Start of Information given

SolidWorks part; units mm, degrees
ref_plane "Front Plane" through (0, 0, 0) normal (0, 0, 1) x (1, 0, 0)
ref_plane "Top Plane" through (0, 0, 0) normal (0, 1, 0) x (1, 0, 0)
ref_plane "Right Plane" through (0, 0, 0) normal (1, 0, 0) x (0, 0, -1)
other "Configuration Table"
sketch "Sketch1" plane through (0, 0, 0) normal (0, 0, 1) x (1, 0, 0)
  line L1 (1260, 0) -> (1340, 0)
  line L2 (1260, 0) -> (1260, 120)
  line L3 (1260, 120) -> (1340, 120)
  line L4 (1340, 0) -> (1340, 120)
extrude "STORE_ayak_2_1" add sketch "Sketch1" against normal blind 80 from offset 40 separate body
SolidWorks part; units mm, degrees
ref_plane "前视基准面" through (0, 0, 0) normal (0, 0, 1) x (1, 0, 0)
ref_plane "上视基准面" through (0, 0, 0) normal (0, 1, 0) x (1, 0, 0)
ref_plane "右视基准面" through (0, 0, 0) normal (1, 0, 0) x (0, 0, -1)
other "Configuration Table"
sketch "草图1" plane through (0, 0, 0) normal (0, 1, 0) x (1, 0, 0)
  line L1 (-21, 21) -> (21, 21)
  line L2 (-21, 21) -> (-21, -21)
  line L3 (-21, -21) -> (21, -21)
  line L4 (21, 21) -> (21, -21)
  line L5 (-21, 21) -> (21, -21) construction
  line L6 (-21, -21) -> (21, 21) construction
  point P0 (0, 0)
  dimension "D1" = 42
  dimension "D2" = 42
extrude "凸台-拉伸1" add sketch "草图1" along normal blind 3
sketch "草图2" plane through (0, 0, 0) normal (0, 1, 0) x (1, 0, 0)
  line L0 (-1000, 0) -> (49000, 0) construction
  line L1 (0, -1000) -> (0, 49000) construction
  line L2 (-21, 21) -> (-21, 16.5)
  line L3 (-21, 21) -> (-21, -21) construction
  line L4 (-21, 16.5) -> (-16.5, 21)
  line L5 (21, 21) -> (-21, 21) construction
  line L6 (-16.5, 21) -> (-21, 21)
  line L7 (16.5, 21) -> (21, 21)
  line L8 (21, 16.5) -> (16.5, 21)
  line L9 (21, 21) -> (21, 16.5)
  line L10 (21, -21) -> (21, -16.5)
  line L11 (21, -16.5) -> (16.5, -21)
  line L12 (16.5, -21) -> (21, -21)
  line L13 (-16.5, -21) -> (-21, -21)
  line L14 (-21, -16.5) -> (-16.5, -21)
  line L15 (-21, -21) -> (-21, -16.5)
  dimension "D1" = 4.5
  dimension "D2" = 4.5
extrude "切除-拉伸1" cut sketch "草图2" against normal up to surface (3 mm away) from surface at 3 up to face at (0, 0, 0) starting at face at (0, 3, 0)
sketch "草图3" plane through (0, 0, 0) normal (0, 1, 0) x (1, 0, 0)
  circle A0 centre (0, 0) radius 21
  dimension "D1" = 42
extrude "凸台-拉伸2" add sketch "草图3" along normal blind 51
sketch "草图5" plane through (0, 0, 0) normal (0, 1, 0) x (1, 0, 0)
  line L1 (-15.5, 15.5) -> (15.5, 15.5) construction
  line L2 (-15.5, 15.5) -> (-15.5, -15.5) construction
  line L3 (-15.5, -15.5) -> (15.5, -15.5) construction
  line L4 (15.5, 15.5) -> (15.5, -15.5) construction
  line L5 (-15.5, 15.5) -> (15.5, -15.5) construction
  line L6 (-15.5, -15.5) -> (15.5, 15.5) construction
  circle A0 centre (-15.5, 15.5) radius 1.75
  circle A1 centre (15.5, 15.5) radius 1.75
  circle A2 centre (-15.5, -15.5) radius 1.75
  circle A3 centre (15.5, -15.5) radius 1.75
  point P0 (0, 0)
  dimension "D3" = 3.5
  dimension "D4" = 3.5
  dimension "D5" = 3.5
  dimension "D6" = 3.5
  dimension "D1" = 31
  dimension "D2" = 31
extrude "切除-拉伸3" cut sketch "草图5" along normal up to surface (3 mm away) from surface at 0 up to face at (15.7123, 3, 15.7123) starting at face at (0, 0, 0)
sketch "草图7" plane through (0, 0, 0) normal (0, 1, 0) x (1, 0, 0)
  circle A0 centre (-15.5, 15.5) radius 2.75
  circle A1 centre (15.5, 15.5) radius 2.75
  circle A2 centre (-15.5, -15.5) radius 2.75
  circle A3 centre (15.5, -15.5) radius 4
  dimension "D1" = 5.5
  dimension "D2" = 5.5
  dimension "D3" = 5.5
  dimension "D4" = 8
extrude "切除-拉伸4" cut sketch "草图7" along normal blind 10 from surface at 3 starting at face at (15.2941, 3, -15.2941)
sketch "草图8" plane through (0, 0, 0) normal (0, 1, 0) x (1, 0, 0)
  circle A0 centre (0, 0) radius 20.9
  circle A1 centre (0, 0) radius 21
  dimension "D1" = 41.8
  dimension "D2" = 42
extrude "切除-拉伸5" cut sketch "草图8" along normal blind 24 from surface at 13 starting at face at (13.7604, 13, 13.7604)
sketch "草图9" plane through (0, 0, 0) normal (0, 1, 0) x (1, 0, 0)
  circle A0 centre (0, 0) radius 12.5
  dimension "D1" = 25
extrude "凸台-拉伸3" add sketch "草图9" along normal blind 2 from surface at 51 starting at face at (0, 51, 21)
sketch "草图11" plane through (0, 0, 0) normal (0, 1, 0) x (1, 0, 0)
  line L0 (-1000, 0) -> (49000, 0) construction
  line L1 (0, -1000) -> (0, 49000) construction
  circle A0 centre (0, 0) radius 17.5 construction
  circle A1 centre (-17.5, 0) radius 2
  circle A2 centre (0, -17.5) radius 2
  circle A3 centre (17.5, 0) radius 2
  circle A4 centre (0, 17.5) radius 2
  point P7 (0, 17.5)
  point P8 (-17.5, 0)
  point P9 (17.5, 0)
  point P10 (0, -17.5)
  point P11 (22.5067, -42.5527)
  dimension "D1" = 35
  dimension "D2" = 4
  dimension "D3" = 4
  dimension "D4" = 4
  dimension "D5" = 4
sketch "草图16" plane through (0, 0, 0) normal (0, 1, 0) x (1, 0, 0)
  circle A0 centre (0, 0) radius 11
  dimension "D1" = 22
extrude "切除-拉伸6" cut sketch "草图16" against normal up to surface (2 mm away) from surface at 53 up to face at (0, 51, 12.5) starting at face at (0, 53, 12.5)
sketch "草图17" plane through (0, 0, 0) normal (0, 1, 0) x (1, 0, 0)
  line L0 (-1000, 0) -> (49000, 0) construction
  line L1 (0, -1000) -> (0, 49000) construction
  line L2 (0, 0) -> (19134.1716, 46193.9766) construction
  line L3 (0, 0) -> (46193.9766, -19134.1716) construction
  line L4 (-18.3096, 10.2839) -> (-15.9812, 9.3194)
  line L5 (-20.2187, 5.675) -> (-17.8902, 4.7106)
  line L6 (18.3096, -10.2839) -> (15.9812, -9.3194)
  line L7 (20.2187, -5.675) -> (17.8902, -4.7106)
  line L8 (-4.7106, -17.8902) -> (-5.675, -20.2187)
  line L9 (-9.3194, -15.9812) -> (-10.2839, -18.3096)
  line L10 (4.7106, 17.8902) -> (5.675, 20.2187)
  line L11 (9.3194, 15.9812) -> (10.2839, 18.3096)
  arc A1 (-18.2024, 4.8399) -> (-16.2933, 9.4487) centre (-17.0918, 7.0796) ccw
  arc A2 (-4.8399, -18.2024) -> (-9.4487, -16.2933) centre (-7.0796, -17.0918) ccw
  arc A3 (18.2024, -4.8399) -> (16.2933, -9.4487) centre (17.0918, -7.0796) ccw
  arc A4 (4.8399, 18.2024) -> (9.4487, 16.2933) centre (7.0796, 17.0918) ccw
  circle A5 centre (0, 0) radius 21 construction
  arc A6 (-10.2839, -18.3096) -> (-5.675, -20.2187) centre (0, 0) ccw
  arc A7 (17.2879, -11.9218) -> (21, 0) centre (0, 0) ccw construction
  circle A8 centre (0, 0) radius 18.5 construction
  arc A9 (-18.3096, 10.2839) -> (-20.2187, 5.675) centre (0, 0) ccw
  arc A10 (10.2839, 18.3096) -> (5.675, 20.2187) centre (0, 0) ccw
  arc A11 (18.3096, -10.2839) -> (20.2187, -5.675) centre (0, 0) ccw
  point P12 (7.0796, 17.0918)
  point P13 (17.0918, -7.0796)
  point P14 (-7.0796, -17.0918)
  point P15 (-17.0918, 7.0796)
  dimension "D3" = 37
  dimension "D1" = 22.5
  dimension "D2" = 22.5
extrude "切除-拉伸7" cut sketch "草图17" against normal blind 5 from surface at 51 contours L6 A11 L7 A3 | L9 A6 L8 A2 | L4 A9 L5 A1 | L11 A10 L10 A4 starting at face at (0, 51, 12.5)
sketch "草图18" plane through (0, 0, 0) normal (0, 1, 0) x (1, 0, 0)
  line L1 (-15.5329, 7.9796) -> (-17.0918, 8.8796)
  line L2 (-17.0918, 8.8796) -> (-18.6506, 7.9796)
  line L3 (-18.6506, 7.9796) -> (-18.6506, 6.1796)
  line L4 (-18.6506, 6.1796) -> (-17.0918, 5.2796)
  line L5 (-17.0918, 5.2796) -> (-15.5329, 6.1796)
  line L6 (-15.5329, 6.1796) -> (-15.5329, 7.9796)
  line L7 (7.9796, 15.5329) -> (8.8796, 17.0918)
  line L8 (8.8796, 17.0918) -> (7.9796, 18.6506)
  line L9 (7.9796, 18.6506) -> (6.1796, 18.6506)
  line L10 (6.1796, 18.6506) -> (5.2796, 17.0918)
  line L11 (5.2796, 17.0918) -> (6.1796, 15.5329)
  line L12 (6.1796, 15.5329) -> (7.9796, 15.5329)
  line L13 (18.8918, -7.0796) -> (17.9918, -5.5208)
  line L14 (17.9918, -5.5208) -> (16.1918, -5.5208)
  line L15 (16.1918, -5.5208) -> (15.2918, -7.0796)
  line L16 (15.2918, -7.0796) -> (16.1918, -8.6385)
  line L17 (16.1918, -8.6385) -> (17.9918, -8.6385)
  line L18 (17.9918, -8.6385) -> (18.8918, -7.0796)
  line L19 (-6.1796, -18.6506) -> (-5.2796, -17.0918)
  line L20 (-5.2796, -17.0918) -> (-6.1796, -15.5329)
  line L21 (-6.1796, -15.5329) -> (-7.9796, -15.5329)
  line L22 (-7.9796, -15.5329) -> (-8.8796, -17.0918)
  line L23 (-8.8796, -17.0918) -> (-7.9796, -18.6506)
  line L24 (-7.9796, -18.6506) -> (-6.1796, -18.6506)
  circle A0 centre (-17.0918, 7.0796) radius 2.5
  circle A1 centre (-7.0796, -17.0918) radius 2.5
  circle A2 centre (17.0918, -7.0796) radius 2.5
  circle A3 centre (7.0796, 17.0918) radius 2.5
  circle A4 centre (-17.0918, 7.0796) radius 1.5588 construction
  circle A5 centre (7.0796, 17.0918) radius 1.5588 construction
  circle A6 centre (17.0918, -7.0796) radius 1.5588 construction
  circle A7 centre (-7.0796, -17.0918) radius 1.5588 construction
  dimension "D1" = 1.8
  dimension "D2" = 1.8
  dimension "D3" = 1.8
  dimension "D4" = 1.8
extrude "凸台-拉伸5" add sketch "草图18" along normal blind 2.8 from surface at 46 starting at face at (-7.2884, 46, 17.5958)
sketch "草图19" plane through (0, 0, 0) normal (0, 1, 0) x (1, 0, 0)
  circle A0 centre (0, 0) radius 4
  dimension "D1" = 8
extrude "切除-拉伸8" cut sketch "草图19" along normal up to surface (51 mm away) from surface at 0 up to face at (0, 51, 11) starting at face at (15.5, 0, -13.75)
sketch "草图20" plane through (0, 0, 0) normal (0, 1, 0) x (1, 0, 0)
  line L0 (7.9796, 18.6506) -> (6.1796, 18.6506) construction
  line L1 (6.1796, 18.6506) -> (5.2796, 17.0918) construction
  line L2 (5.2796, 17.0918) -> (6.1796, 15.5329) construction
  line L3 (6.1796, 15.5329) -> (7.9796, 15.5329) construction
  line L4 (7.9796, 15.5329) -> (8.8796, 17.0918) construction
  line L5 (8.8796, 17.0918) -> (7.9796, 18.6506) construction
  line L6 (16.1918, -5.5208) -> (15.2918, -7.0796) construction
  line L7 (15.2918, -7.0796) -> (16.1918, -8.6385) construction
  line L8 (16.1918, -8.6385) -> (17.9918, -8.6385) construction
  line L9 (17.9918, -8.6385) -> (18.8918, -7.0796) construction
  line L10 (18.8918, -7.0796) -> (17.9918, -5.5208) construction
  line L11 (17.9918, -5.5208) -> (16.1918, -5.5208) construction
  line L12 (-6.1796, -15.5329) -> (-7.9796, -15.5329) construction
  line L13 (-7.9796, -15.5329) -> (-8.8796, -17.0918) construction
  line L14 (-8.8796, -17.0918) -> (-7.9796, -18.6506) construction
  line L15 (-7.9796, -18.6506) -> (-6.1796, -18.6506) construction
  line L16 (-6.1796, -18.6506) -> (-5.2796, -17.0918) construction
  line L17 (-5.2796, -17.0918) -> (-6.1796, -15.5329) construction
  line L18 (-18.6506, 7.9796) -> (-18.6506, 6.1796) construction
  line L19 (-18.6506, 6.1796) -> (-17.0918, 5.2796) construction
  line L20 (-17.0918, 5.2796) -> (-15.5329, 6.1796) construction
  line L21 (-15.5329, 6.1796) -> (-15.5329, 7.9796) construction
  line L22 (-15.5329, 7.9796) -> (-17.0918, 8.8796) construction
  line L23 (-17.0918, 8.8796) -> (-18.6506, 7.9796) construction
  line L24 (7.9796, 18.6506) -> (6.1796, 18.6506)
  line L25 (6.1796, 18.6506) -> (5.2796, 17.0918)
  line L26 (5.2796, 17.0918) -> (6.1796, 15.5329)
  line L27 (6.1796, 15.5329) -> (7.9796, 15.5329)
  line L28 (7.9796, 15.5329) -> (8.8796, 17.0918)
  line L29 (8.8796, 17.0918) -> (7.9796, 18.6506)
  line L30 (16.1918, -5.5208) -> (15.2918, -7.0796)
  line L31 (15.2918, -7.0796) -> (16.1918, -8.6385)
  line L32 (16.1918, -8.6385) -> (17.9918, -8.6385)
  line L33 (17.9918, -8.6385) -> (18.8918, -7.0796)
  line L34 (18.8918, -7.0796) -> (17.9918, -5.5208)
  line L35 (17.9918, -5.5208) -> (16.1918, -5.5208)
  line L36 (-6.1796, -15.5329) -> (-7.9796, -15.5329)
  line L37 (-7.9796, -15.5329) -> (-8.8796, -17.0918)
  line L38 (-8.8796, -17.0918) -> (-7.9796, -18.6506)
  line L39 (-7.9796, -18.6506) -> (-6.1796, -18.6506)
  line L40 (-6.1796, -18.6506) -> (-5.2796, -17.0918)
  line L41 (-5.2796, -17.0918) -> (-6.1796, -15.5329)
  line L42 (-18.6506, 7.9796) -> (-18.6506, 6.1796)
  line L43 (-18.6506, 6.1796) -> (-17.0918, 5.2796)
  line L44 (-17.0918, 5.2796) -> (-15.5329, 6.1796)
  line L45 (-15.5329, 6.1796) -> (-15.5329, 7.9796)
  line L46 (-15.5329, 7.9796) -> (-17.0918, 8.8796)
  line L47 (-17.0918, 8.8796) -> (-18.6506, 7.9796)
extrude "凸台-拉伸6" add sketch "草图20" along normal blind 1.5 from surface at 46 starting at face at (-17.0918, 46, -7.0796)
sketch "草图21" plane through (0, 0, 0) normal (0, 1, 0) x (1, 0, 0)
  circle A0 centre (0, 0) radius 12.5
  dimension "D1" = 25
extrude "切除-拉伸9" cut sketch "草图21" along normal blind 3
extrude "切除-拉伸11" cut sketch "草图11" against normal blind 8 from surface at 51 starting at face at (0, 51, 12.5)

End of Information given

**Work required:**
Using the entries above, return exactly the lines from the line with "line L7 (15.2918, -7.0796)" to the line with "line L33 (17.9918, -8.6385)", counting both of those lines.

**Task response:**
  line L7 (15.2918, -7.0796) -> (16.1918, -8.6385) construction
  line L8 (16.1918, -8.6385) -> (17.9918, -8.6385) construction
  line L9 (17.9918, -8.6385) -> (18.8918, -7.0796) construction
  line L10 (18.8918, -7.0796) -> (17.9918, -5.5208) construction
  line L11 (17.9918, -5.5208) -> (16.1918, -5.5208) construction
  line L12 (-6.1796, -15.5329) -> (-7.9796, -15.5329) construction
  line L13 (-7.9796, -15.5329) -> (-8.8796, -17.0918) construction
  line L14 (-8.8796, -17.0918) -> (-7.9796, -18.6506) construction
  line L15 (-7.9796, -18.6506) -> (-6.1796, -18.6506) construction
  line L16 (-6.1796, -18.6506) -> (-5.2796, -17.0918) construction
  line L17 (-5.2796, -17.0918) -> (-6.1796, -15.5329) construction
  line L18 (-18.6506, 7.9796) -> (-18.6506, 6.1796) construction
  line L19 (-18.6506, 6.1796) -> (-17.0918, 5.2796) construction
  line L20 (-17.0918, 5.2796) -> (-15.5329, 6.1796) construction
  line L21 (-15.5329, 6.1796) -> (-15.5329, 7.9796) construction
  line L22 (-15.5329, 7.9796) -> (-17.0918, 8.8796) construction
  line L23 (-17.0918, 8.8796) -> (-18.6506, 7.9796) construction
  line L24 (7.9796, 18.6506) -> (6.1796, 18.6506)
  line L25 (6.1796, 18.6506) -> (5.2796, 17.0918)
  line L26 (5.2796, 17.0918) -> (6.1796, 15.5329)
  line L27 (6.1796, 15.5329) -> (7.9796, 15.5329)
  line L28 (7.9796, 15.5329) -> (8.8796, 17.0918)
  line L29 (8.8796, 17.0918) -> (7.9796, 18.6506)
  line L30 (16.1918, -5.5208) -> (15.2918, -7.0796)
  line L31 (15.2918, -7.0796) -> (16.1918, -8.6385)
  line L32 (16.1918, -8.6385) -> (17.9918, -8.6385)
  line L33 (17.9918, -8.6385) -> (18.8918, -7.0796)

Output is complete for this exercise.